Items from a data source
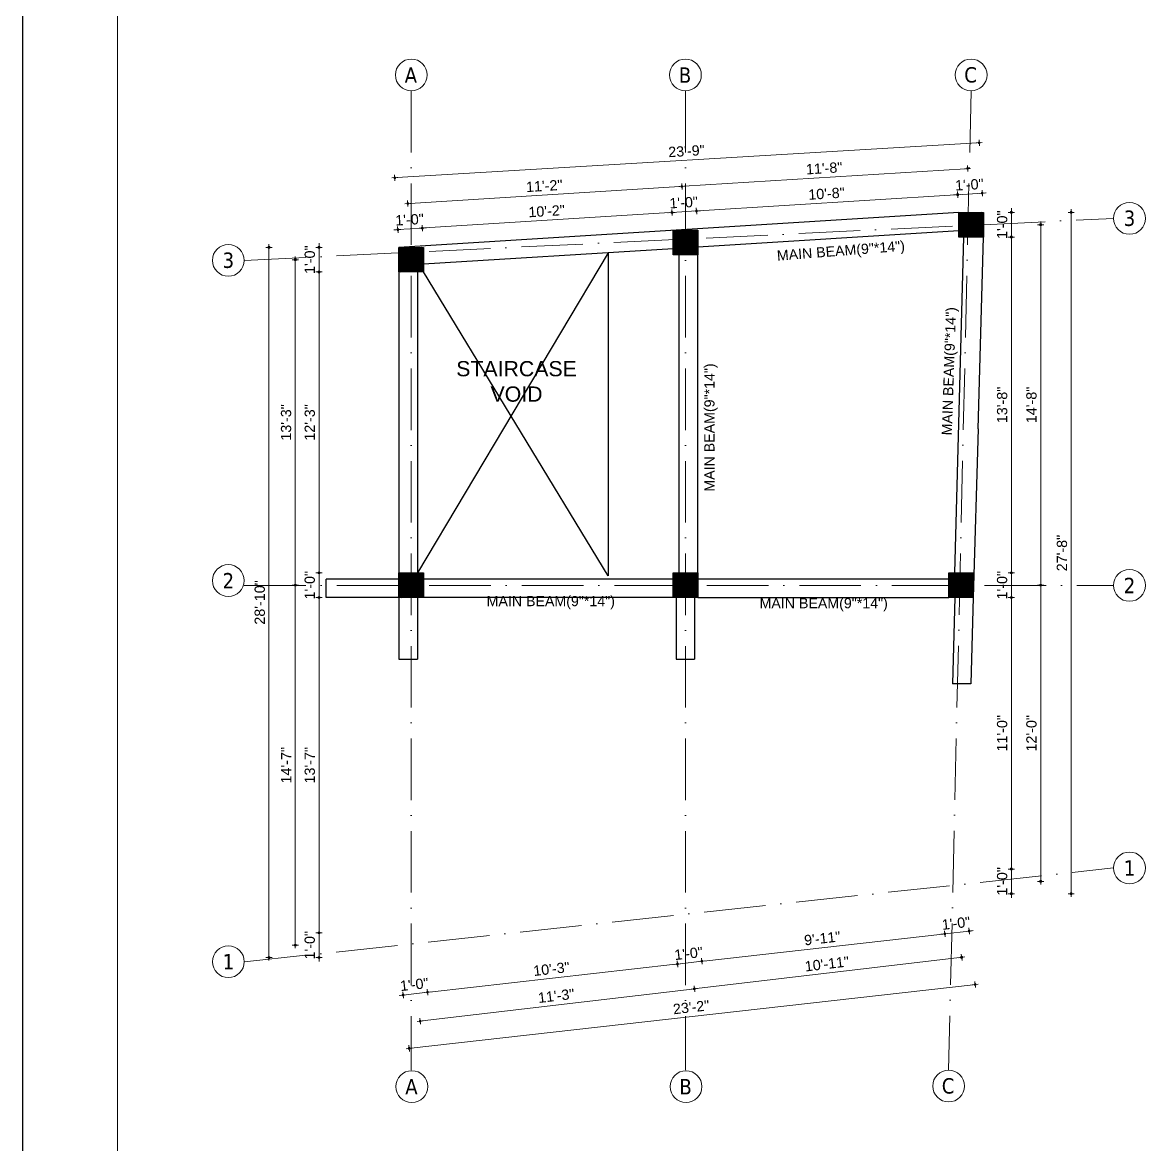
# Model space of a CAD drawing. Header units: inches. Extents: x 10143 to 16809, y -150 to 2442.
# Drawn here: x 10143 to 10691, y 861 to 1408 of the extents above; entities that cross this region are included whole.
import ezdxf

# ---------------------------------------------------------------- set-up
doc = ezdxf.new("R2010")
doc.units = ezdxf.units.IN
doc.header["$LTSCALE"] = 0.5
doc.header["$MEASUREMENT"] = 0
doc.header["$PDMODE"] = 66
doc.linetypes.add('ACAD_ISO10W100', pattern=[18, 12, -3, 0, -3])
for name, color, linetype, lineweight in [('0.13', 2, 'Continuous', 13), ('ELE1', 3, 'Continuous', 9), ('hatch', 9, 'Continuous', 0), ('TEXT', 220, 'Continuous', 9), ('Toilet', 7, 'Continuous', 25)]:
    doc.layers.add(name, color=color, linetype=linetype, lineweight=lineweight)
doc.styles.add('DIM', font='tahoma.ttf')
doc.styles.get("Standard").update_dxf_attribs({"font": 'arial.ttf'})
doc.dimstyles.new('S8', dxfattribs={"dimtxt": 5, "dimasz": 1, "dimexe": 6, "dimexo": 18, "dimgap": 1.9375, "dimtad": 1, "dimdec": 0, "dimzin": 3, "dimdsep": 46, "dimlunit": 4, "dimtxsty": 'Standard', "dimblk": 'dot 2', "dimcen": 12, "dimse1": 1, "dimse2": 1, "dimclrd": 1, "dimclre": 1, "dimclrt": 256, "dimadec": 0, "dimazin": 0, "dimtfac": 0.75, "dimtdec": 0, "dimtix": 1, "dimtmove": 1, "dimatfit": 3, "dimldrblk": 'DOT', "dimfxl": 1, "dimtolj": 1, "dimtzin": 0, "dimlwd": 9, "dimlwe": 9, "dimarcsym": 0})

# ---------------------------------------------------------------- blocks, each defined once
blk = doc.blocks.new('dot1')
at = {"layer": 'hatch'}
h = blk.add_hatch(color=256, dxfattribs=at)
edge = h.paths.add_edge_path()
edge.add_arc((0, 0), 1, 0, 360)
for p, q in [((3, 0), (-3, 0)), ((0, 3), (0, -3))]:
    blk.add_line(p, q, dxfattribs=at)
blk.add_circle((0, 0), 1, dxfattribs=at)
blk = doc.blocks.new('dot 2')
at = {"layer": 'hatch', "xscale": 0.5, "yscale": 0.5, "zscale": 0.5}
blk.add_blockref('dot1', (0, 0), dxfattribs=at)
blk = doc.blocks.new('*D2168')
at = {"layer": 'Defpoints', "color": 0, "transparency": 16777216}
for p in [(10602.04, 995.62), (10624.64, 995.62), (10602.04, 983.62)]:
    blk.add_point(p, dxfattribs=at)
at = {"layer": 'Toilet', "color": 1, "lineweight": 9, "transparency": 16777216}
for p, q in [((10624.64, 996.62), (10624.64, 997.62)), ((10624.64, 983.62), (10624.64, 995.62)), ((10624.64, 982.62), (10624.64, 981.62))]:
    blk.add_line(p, q, dxfattribs=at)
for p, rotation in [((10624.64, 995.62), 270), ((10624.64, 983.62), 90)]:
    blk.add_blockref('dot 2', p, dxfattribs=dict(at, rotation=rotation))
at = {"layer": 'Toilet', "transparency": 16777216, "insert": (10620.15, 989.62), "char_height": 5, "attachment_point": 5, "rotation": 90}
blk.add_mtext('\\A1;1\'-0"', dxfattribs=at)
blk = doc.blocks.new('_Dot')
at = {"color": 0, "linetype": 'ByBlock', "lineweight": -2}
blk.add_line((-0.5, 0), (-1, 0), dxfattribs=at)
at = {"color": 0, "linetype": 'ByBlock', "const_width": 0.5}
blk.add_lwpolyline([(-0.25, 0, 1), (0.25, 0, 1)], format="xyb", close=True, dxfattribs=at)
blk = doc.blocks.new('*D2169')
at = {"layer": 'Defpoints', "color": 0, "transparency": 16777216}
for p in [(10606.09, 1127.98), (10624.64, 1127.98), (10602.04, 995.62)]:
    blk.add_point(p, dxfattribs=at)
at = {"layer": 'Toilet', "color": 1, "lineweight": 9, "transparency": 16777216}
blk.add_line((10624.64, 996.62), (10624.64, 1126.98), dxfattribs=at)
for p, rotation in [((10624.64, 1127.98), 90), ((10624.64, 995.62), 270)]:
    blk.add_blockref('dot 2', p, dxfattribs=dict(at, rotation=rotation))
at = {"layer": 'Toilet', "transparency": 16777216, "insert": (10620.15, 1061.8), "char_height": 5, "attachment_point": 5, "rotation": 90}
blk.add_mtext('\\A1;11\'-0"', dxfattribs=at)
blk = doc.blocks.new('*D2170')
at = {"layer": 'Defpoints', "color": 0, "transparency": 16777216}
for p in [(10606.09, 1139.98), (10624.64, 1139.98), (10606.09, 1127.98)]:
    blk.add_point(p, dxfattribs=at)
at = {"layer": 'Toilet', "color": 1, "lineweight": 9, "transparency": 16777216}
for p, q in [((10624.64, 1140.98), (10624.64, 1141.98)), ((10624.64, 1127.98), (10624.64, 1139.98)), ((10624.64, 1126.98), (10624.64, 1125.98))]:
    blk.add_line(p, q, dxfattribs=at)
for p, rotation in [((10624.64, 1139.98), 270), ((10624.64, 1127.98), 90)]:
    blk.add_blockref('dot 2', p, dxfattribs=dict(at, rotation=rotation))
at = {"layer": 'Toilet', "transparency": 16777216, "insert": (10620.15, 1133.98), "char_height": 5, "attachment_point": 5, "rotation": 90}
blk.add_mtext('\\A1;1\'-0"', dxfattribs=at)
blk = doc.blocks.new('*D2171')
at = {"layer": 'Defpoints', "color": 0, "transparency": 16777216}
for p in [(10611.01, 1303.71), (10624.64, 1303.71), (10606.09, 1139.98)]:
    blk.add_point(p, dxfattribs=at)
at = {"layer": 'Toilet', "color": 1, "lineweight": 9, "transparency": 16777216}
blk.add_line((10624.64, 1140.98), (10624.64, 1302.71), dxfattribs=at)
for p, rotation in [((10624.64, 1303.71), 90), ((10624.64, 1139.98), 270)]:
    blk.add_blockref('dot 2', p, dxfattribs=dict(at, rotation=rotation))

What you are asked to do: Your output is the lines from the top of the entries through the line containing "doc.linetypes.add('ACAD_ISO10W100', pattern=[18, 12, -3, 0, -3])", exactly as they stand. No pictures belong in it.

Answer section:
# Model space of a CAD drawing. Header units: inches. Extents: x 10143 to 16809, y -150 to 2442.
# Drawn here: x 10143 to 10691, y 861 to 1408 of the extents above; entities that cross this region are included whole.
import ezdxf

# ---------------------------------------------------------------- set-up
doc = ezdxf.new("R2010")
doc.units = ezdxf.units.IN
doc.header["$LTSCALE"] = 0.5
doc.header["$MEASUREMENT"] = 0
doc.header["$PDMODE"] = 66
doc.linetypes.add('ACAD_ISO10W100', pattern=[18, 12, -3, 0, -3])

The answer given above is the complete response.